• Your assignment
Repeat exactly, and only, the lines of the entries below from the one with "world_world = bpy.data.worlds.new('World');" through the one with "me_cube = bpy.data.meshes.new('Cube')", both ends included.

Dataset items
-*-

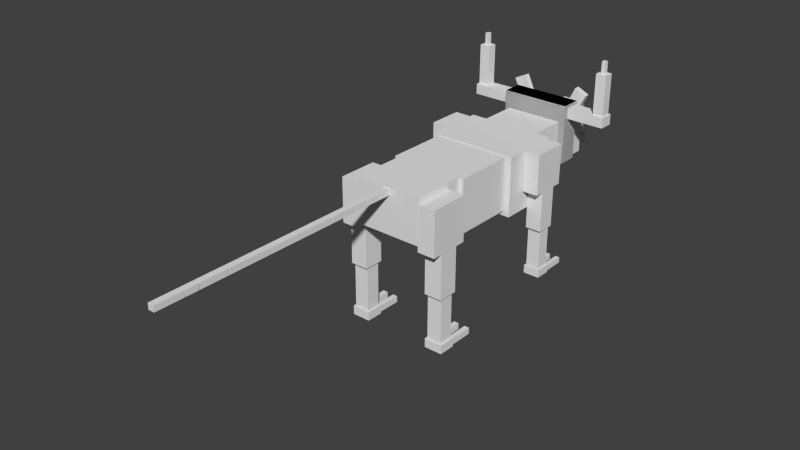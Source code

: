 # Source: felucco.blend  (saved by Blender 2.72.0; exported with 4.5.12 LTS)
import bpy
from mathutils import Matrix  # noqa: F401  (used for matrix-valued properties, if any)

bpy.ops.wm.read_factory_settings(use_empty=True)
scene = bpy.context.scene
scene.name = 'Scene'

# ---- collections
col_collection_1 = bpy.data.collections.new('Collection 1'); scene.collection.children.link(col_collection_1)

# ---- materials (node trees are filled in below, after node groups)
mat_material = bpy.data.materials.new('Material')
mat_material.alpha_threshold = 0.0
mat_material.use_transparent_shadow = False
mat_material.roughness = 0.5
mat_material.line_color = (0.0, 0.0, 0.0, 1.0)

# ---- material node trees

# ---- world
world_world = bpy.data.worlds.new('World'); scene.world = world_world
world_world.color = (0.05088, 0.05088, 0.05088)
world_world.use_sun_shadow = False
world_world.sun_shadow_jitter_overblur = 0.0
world_world.cycles.sampling_method = 'MANUAL'
world_world.cycles.sample_map_resolution = 256

# ---- meshes
me_cube = bpy.data.meshes.new('Cube')
me_cube.from_pydata([(3.283, -0.915, 1.72), (3.283, -0.651, 1.906), (3.093, -0.651, 1.906), (3.093, -0.915, 1.72), (3.283, -0.7088, 1.065), (3.283, -0.4448, 1.251), (3.093, -0.4448, 1.251), (3.093, -0.7088, 1.065), (3.283, 0.6553, 1.907), (3.283, 0.9183, 1.718), (3.093, 0.9183, 1.718), (3.093, 0.6553, 1.907), (3.283, 0.4455, 1.255), (3.283, 0.7085, 1.066), (3.093, 0.7085, 1.066), (3.093, 0.4455, 1.255), (-11.65, -0.06959, 0.9546), (-11.65, 0.06959, 0.9546), (-12.08, 0.06959, 0.9546), (-12.08, -0.06959, 0.9546), (-11.65, -0.06959, 0.7628), (-11.65, 0.06959, 0.7628), (-12.08, 0.06959, 0.7628), (-12.08, -0.06959, 0.7628), (-12.1, -0.06959, 0.9546), (-12.1, 0.06959, 0.9546), (-12.53, 0.06959, 0.9546), (-12.53, -0.06959, 0.9546), (-12.1, -0.06959, 0.7628), (-12.1, 0.06959, 0.7628), (-12.53, 0.06959, 0.7628), (-12.53, -0.06959, 0.7628), (-12.55, -0.06959, 0.9546), (-12.55, 0.06959, 0.9546), (-12.98, 0.06959, 0.9546), (-12.98, -0.06959, 0.9546), (-12.55, -0.06959, 0.7628), (-12.55, 0.06959, 0.7628), (-12.98, 0.06959, 0.7628), (-12.98, -0.06959, 0.7628), (-11.19, -0.06959, 0.9546), (-11.19, 0.06959, 0.9546), (-11.62, 0.06959, 0.9546), (-11.62, -0.06959, 0.9546), (-11.19, -0.06959, 0.7628), (-11.19, 0.06959, 0.7628), (-11.62, 0.06959, 0.7628), (-11.62, -0.06959, 0.7628), (-10.74, -0.06959, 0.9546), (-10.74, 0.06959, 0.9546), (-11.18, 0.06959, 0.9546), (-11.18, -0.06959, 0.9546), (-10.74, -0.06959, 0.7628), (-10.74, 0.06959, 0.7628), (-11.18, 0.06959, 0.7628), (-11.18, -0.06959, 0.7628), (-10.29, -0.06959, 0.9546), (-10.29, 0.06959, 0.9546), (-10.72, 0.06959, 0.9546), (-10.72, -0.06959, 0.9546), (-10.29, -0.06959, 0.7628), (-10.29, 0.06959, 0.7628), (-10.72, 0.06959, 0.7628), (-10.72, -0.06959, 0.7628), (-7.566, -0.06959, 0.9546), (-7.566, 0.06959, 0.9546), (-7.997, 0.06959, 0.9546), (-7.997, -0.06959, 0.9546), (-7.566, -0.06959, 0.7628), (-7.566, 0.06959, 0.7628), (-7.997, 0.06959, 0.7628), (-7.997, -0.06959, 0.7628), (-8.02, -0.06959, 0.9546), (-8.02, 0.06959, 0.9546), (-8.451, 0.06959, 0.9546), (-8.451, -0.06959, 0.9546), (-8.02, -0.06959, 0.7628), (-8.02, 0.06959, 0.7628), (-8.451, 0.06959, 0.7628), (-8.451, -0.06959, 0.7628), (-8.47, -0.06959, 0.9546), (-8.47, 0.06959, 0.9546), (-8.901, 0.06959, 0.9546), (-8.901, -0.06959, 0.9546), (-8.47, -0.06959, 0.7628), (-8.47, 0.06959, 0.7628), (-8.901, 0.06959, 0.7628), (-8.901, -0.06959, 0.7628), (-9.825, -0.06959, 0.9546), (-9.825, 0.06959, 0.9546), (-10.26, 0.06959, 0.9546), (-10.26, -0.06959, 0.9546), (-9.825, -0.06959, 0.7628), (-9.825, 0.06959, 0.7628), (-10.26, 0.06959, 0.7628), (-10.26, -0.06959, 0.7628), (-9.375, -0.06959, 0.9546), (-9.375, 0.06959, 0.9546), (-9.806, 0.06959, 0.9546), (-9.806, -0.06959, 0.9546), (-9.375, -0.06959, 0.7628), (-9.375, 0.06959, 0.7628), (-9.806, 0.06959, 0.7628), (-9.806, -0.06959, 0.7628), (-8.921, -0.06959, 0.9546), (-8.921, 0.06959, 0.9546), (-9.352, 0.06959, 0.9546), (-9.352, -0.06959, 0.9546), (-8.921, -0.06959, 0.7628), (-8.921, 0.06959, 0.7628), (-9.352, 0.06959, 0.7628), (-9.352, -0.06959, 0.7628), (-6.213, -0.06959, 0.9546), (-6.213, 0.06959, 0.9546), (-6.645, 0.06959, 0.9546), (-6.645, -0.06959, 0.9546), (-6.213, -0.06959, 0.7628), (-6.213, 0.06959, 0.7628), (-6.645, 0.06959, 0.7628), (-6.645, -0.06959, 0.7628), (-6.667, -0.06959, 0.9546), (-6.667, 0.06959, 0.9546), (-7.099, 0.06959, 0.9546), (-7.099, -0.06959, 0.9546), (-6.667, -0.06959, 0.7628), (-6.667, 0.06959, 0.7628), (-7.099, 0.06959, 0.7628), (-7.099, -0.06959, 0.7628), (-7.117, -0.06959, 0.9546), (-7.117, 0.06959, 0.9546), (-7.548, 0.06959, 0.9546), (-7.548, -0.06959, 0.9546), (-7.117, -0.06959, 0.7628), (-7.117, 0.06959, 0.7628), (-7.548, 0.06959, 0.7628), (-7.548, -0.06959, 0.7628), (-5.762, -0.06959, 0.9546), (-5.762, 0.06959, 0.9546), (-6.193, 0.06959, 0.9546), (-6.193, -0.06959, 0.9546), (-5.762, -0.06959, 0.7628), (-5.762, 0.06959, 0.7628), (-6.193, 0.06959, 0.7628), (-6.193, -0.06959, 0.7628), (-5.312, -0.06959, 0.9546), (-5.312, 0.06959, 0.9546), (-5.744, 0.06959, 0.9546), (-5.744, -0.06959, 0.9546), (-5.312, -0.06959, 0.7628), (-5.312, 0.06959, 0.7628), (-5.744, 0.06959, 0.7628), (-5.744, -0.06959, 0.7628), (-4.858, -0.06959, 0.9546), (-4.858, 0.06959, 0.9546), (-5.29, 0.06959, 0.9546), (-5.29, -0.06959, 0.9546), (-4.858, -0.06959, 0.7628), (-4.858, 0.06959, 0.7628), (-5.29, 0.06959, 0.7628), (-5.29, -0.06959, 0.7628), (-3.129, 1.147, -4.056), (-3.129, 1.035, -4.056), (-3.931, 1.035, -4.056), (-3.931, 1.147, -4.056), (-3.129, 1.147, -3.843), (-3.129, 1.035, -3.843), (-3.931, 1.035, -3.843), (-3.931, 1.147, -3.843), (-3.129, 0.878, -4.056), (-3.129, 0.7664, -4.056), (-3.931, 0.7664, -4.056), (-3.931, 0.878, -4.056), (-3.129, 0.878, -3.843), (-3.129, 0.7664, -3.843), (-3.931, 0.7664, -3.843), (-3.931, 0.878, -3.843), (-3.909, 1.171, -4.103), (-3.909, 0.7556, -4.103), (-4.471, 0.7556, -4.103), (-4.471, 1.171, -4.103), (-3.909, 1.171, -3.796), (-3.909, 0.7556, -3.796), (-4.471, 0.7556, -3.796), (-4.471, 1.171, -3.796), (-3.958, 1.134, -3.773), (-3.958, 0.7924, -3.773), (-4.422, 0.7924, -3.773), (-4.422, 1.134, -3.773), (-3.958, 1.134, -2.264), (-3.958, 0.7924, -2.264), (-4.422, 0.7924, -2.264), (-4.422, 1.134, -2.264), (-3.863, 1.163, -2.241), (-3.863, 0.7627, -2.241), (-4.517, 0.7627, -2.241), (-4.517, 1.163, -2.241), (-3.863, 1.163, -0.7314), (-3.863, 0.7627, -0.7314), (-4.517, 0.7627, -0.7314), (-4.517, 1.163, -0.7314), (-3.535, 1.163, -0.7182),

-*-

• Written response
world_world = bpy.data.worlds.new('World'); scene.world = world_world
world_world.color = (0.05088, 0.05088, 0.05088)
world_world.use_sun_shadow = False
world_world.sun_shadow_jitter_overblur = 0.0
world_world.cycles.sampling_method = 'MANUAL'
world_world.cycles.sample_map_resolution = 256

# ---- meshes
me_cube = bpy.data.meshes.new('Cube')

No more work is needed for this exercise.